Figure 29.2 Control system block diagram 29.3 The method for calibration and setting trip criteria are manufacturer specified methods and are according to ANSI standards and the DTRR technical specifications. The calibration for the NM1000 is checked daily or whenever the reactor is operated by using a built-in procedure. This built-in procedure is invoked while the reactor is shutdown using the "Prestart Mode" button provided on the control console. During the "Prestart Mode", the DAC computer generates internal signals. The signals are used to test the four calibration points of the NM1000. Other test signals are generated to test the Hi-Power Scram set points of the NM1000 and the NPP1000, to simulate and test loss of high voltge to the power monitors. The control rod withdrawal prohibit is also tested using source level count rates from NM1000 with and without neutron source in the reactor core. Finally, the set points that were not tested during the automated prestart tests, including manual SCRAM, Rod Interlock, CSC watch dog, are done manually using appropriate combination of buttons on the control console. All prestart tests MUST be passed before the reactor is operated.

29.4 Operational experience shows that the system is suitable and sufficient for performing the functions at the requested power level of 300kW

53. NUREG-1 537, Part 1, Section 13.1.2, "Insertion of Excess Reactivity" requests the applicant to provide an analysis of reactivity insertion events. Similarly, NUREG-1 537, Part 1, Section 4.5.3,"Operating Limits," requests that the applicant provide an analysis of the uncontrolled withdrawal of the highest reactivity control rod. DTRR SAR, Section M.1.2, does not provide sufficient information regarding reactivity insertion events.

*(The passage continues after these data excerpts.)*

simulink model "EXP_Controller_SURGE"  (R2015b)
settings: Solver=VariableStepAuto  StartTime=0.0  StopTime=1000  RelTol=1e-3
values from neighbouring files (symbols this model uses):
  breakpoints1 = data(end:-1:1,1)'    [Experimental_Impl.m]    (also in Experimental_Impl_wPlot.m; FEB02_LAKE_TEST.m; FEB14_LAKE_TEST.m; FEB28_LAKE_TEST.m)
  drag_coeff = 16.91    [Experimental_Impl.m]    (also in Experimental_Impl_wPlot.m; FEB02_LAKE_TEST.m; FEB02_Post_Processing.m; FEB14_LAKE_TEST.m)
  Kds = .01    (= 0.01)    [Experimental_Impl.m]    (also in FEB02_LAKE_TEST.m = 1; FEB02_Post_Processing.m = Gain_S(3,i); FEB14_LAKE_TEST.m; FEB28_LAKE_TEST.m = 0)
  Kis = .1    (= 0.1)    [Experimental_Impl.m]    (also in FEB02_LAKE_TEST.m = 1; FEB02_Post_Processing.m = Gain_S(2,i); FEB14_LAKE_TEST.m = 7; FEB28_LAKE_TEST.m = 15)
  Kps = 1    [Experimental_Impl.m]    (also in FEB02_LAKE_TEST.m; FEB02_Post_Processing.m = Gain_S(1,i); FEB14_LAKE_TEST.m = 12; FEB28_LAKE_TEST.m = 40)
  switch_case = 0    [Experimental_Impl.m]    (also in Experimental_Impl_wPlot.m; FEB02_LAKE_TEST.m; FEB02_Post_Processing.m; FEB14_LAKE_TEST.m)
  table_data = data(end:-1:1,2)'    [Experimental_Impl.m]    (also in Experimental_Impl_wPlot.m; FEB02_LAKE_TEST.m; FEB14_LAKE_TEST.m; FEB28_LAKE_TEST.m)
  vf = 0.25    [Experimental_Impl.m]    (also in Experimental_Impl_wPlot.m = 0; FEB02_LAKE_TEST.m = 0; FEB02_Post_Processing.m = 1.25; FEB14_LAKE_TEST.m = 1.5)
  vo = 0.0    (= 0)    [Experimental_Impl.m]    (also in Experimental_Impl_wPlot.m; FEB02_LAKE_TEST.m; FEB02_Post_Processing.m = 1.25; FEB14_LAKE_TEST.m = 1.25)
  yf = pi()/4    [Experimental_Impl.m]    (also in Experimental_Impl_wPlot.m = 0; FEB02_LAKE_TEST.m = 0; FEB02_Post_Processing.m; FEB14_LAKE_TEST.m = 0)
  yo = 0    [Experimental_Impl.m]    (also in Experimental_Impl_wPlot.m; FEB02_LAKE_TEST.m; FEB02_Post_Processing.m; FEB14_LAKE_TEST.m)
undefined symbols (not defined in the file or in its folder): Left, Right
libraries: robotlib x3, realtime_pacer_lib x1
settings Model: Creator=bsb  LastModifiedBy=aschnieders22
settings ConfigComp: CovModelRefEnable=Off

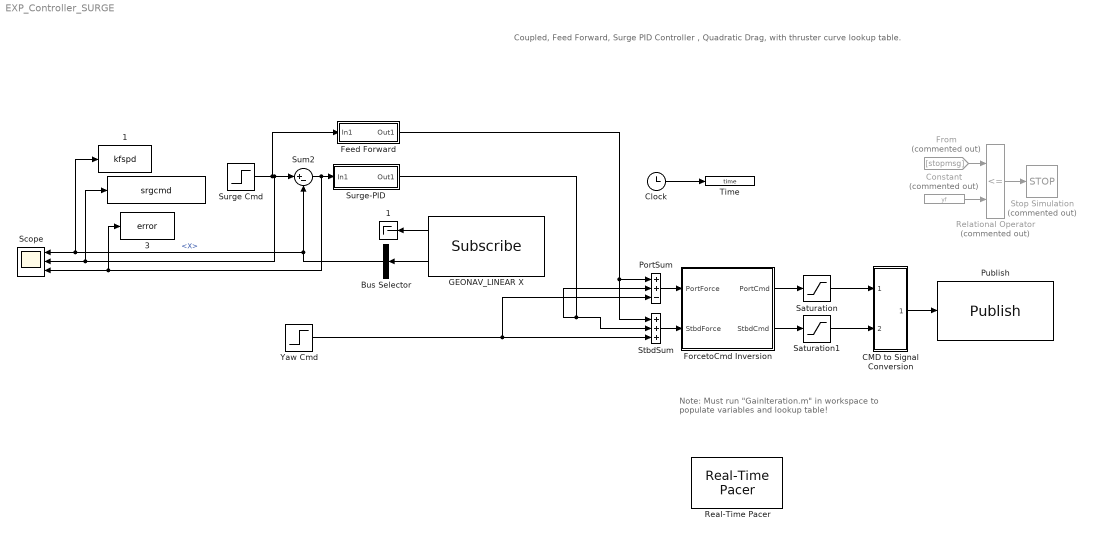
== system EXP_Controller_SURGE ==
  note: Note: Must run "GainIteration.m" in workspace to populate variables and lookup table!
  note: Coupled, Feed Forward, Surge PID Controller , Quadratic Drag, with thruster curve lookup table.
  " " : ToWorkspace  VariableName=srgcmd  SampleTime=-1
  " 1" : ToWorkspace  VariableName=kfspd  SampleTime=-1
  " 1" : Terminator
  " 3" : ToWorkspace  VariableName=error  SampleTime=-1
  Bus Selector : BusSelector  OutputSignals=Twist.Twist.Linear.X
  CMD to Signal Conversion : Subsystem
  Clock : Clock
  Constant : Constant  Commented=on  Value=yf
  Feed Forward : Subsystem
  ForcetoCmd Inversion : Subsystem
  From : From  Commented=on  GotoTag=stopmsg
  GEONAV_LINEAR X : robotlib/Subscribe  SourceLibraryInfo=This block requires Robotics System Toolbox  topicSource=Select from ROS network  topic=/geonav_odom  messageType=nav_msgs/Odometry  sampleTime=-1  messageQueueLength=1
  PortSum : Sum  Inputs=++-
  Publish : robotlib/Publish  SourceLibraryInfo=This block requires Robotics System Toolbox  topicSource=Select from ROS network  topic=/cmd_drive  messageType=kingfisher_msgs/Drive  messageQueueLength=1
  Real-Time Pacer : realtime_pacer_lib/Real-Time Pacer  simTimePerRealTime=1
  Relational Operator : RelationalOperator  Commented=on  Operator=<=  OutDataTypeStr=boolean
  Saturation : Saturate  UpperLimit=1  LowerLimit=-1
  Saturation1 : Saturate  UpperLimit=1  LowerLimit=-1
  Scope : Scope  NumInputPorts=3
  StbdSum : Sum  Inputs=+++
  Stop Simulation : Stop  Commented=on
  Sum2 : Sum  Inputs=|+-
  Surge Cmd : Step  Time=10  Before=vo  After=vf  SampleTime=0
  Surge-PID : Subsystem
  Time : ToWorkspace  VariableName=time  SampleTime=-1
  Yaw Cmd : Step  Time=20  Before=yo  After=yf  SampleTime=0
  wires:
  Clock/1 -> Time/1
  PortSum/1 -> ForcetoCmd Inversion/1(PortForce)
  StbdSum/1 -> ForcetoCmd Inversion/2(StbdForce)
  Surge Cmd/1 -> " "/1, Scope/2, Sum2/1, Feed Forward/1(In1)
  Sum2/1 -> " 3"/1, Scope/3, Surge-PID/1(In1)
  Surge-PID/1(Out1) -> PortSum/2, StbdSum/2
  Relational Operator/1 -> Stop Simulation/1
  Constant/1 -> Relational Operator/2
  From/1 -> Relational Operator/1
  Saturation1/1 -> CMD to Signal Conversion/2(In2)
  Saturation/1 -> CMD to Signal Conversion/1(In1)
  ForcetoCmd Inversion/1(PortCmd) -> Saturation/1
  ForcetoCmd Inversion/2(StbdCmd) -> Saturation1/1
  CMD to Signal Conversion/1(Out1) -> Publish/1
  Feed Forward/1(Out1) -> PortSum/1, StbdSum/1
  GEONAV_LINEAR X/1 -> " 1"/1
  GEONAV_LINEAR X/2 -> Bus Selector/1
  Bus Selector/1 -> Sum2/2, " 1"/1, Scope/1  "<X>"
  Yaw Cmd/1 -> PortSum/3, StbdSum/3

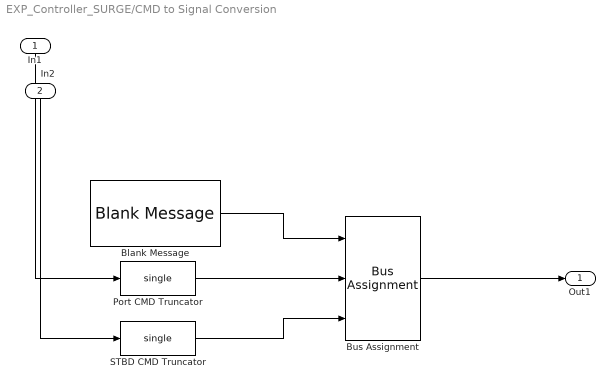
== system EXP_Controller_SURGE/CMD to Signal Conversion ==
  In1 : Inport
  In2 : Inport  Port=2
  Blank Message : robotlib/Blank Message  SourceLibraryInfo=This block requires Robotics System Toolbox  messageType=kingfisher_msgs/Drive  SampleTime=inf
  Bus Assignment : BusAssignment  AssignedSignals=Left,Right
  Port CMD Truncator : DataTypeConversion  OutDataTypeStr=single
  STBD CMD Truncator : DataTypeConversion  OutDataTypeStr=single
  Out1 : Outport
  wires:
  In2/1 -> STBD CMD Truncator/1
  In1/1 -> Port CMD Truncator/1
  Bus Assignment/1 -> Out1/1
  Blank Message/1 -> Bus Assignment/1
  Port CMD Truncator/1 -> Bus Assignment/2
  STBD CMD Truncator/1 -> Bus Assignment/3

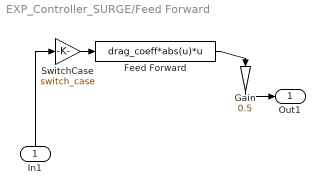
== system EXP_Controller_SURGE/Feed Forward ==
  In1 : Inport
  Feed Forward : Fcn  Expr=drag_coeff*abs(u)*u
  Gain : Gain  Gain=0.5
  SwitchCase : Gain  Gain=switch_case
  Out1 : Outport
  wires:
  In1/1 -> SwitchCase/1
  SwitchCase/1 -> Feed Forward/1
  Feed Forward/1 -> Gain/1
  Gain/1 -> Out1/1

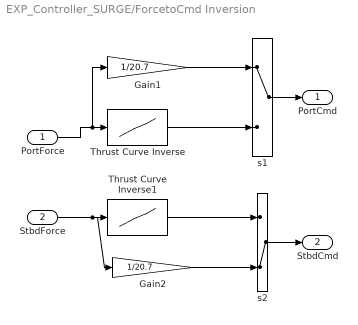
== system EXP_Controller_SURGE/ForcetoCmd Inversion ==
  PortForce : Inport
  StbdForce : Inport  Port=2
  Gain1 : Gain  Gain=1/20.7
  Gain2 : Gain  Gain=1/20.7
  Thrust Curve Inverse : Lookup_n-D  NumberOfTableDimensions=1  BreakpointsForDimension1=table_data  Table=breakpoints1  ExtrapMethod=Clip  UseLastTableValue=on  InternalRulePriority=Speed  RndMeth=Simplest  InputSameDT=on
  Thrust Curve Inverse1 : Lookup_n-D  NumberOfTableDimensions=1  BreakpointsForDimension1=table_data  Table=breakpoints1  ExtrapMethod=Clip  UseLastTableValue=on  InternalRulePriority=Speed  RndMeth=Simplest  InputSameDT=on
  "s1 " : ManualSwitch
  s2 : ManualSwitch  CurrentSetting=0
  PortCmd : Outport
  StbdCmd : Outport  Port=2
  wires:
  StbdForce/1 -> Gain2/1, Thrust Curve Inverse1/1
  PortForce/1 -> Gain1/1, Thrust Curve Inverse/1
  Thrust Curve Inverse/1 -> "s1 "/2
  Gain1/1 -> "s1 "/1
  "s1 "/1 -> PortCmd/1
  s2/1 -> StbdCmd/1
  Thrust Curve Inverse1/1 -> s2/1
  Gain2/1 -> s2/2

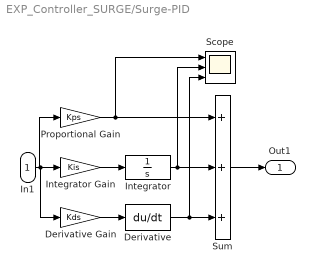
== system EXP_Controller_SURGE/Surge-PID ==
  In1 : Inport
  Derivative : Derivative  CoefficientInTFapproximation=0
  Derivative Gain : Gain  Gain=Kds
  Integrator : TransferFcn  Denominator=[1 0]
  Integrator Gain : Gain  Gain=Kis
  Proportional Gain : Gain  Gain=Kps
  Scope : Scope  NumInputPorts=3
  Sum : Sum  Inputs=+++
  Out1 : Outport
  wires:
  Derivative Gain/1 -> Derivative/1
  Integrator Gain/1 -> Integrator/1
  Derivative/1 -> Scope/3, Sum/3
  Sum/1 -> Out1/1
  Integrator/1 -> Scope/2, Sum/2
  Proportional Gain/1 -> Scope/1, Sum/1
  In1/1 -> Derivative Gain/1, Integrator Gain/1, Proportional Gain/1

53.1 Please provide an analysis of possible reactivity insertion events for the DTRR.

53.2 Please provide an analysis of the uncontrolled rod withdrawal event for DTRR using the highest reactivity control rod.

DTRR Response The response to this question is awaiting the results of the Neutronics and Thermal-hydraulic models using MNCP and RELAP codes, which are being carried out specifically for the DTRR. A time extension of 60 days is hereby requested for this RAI.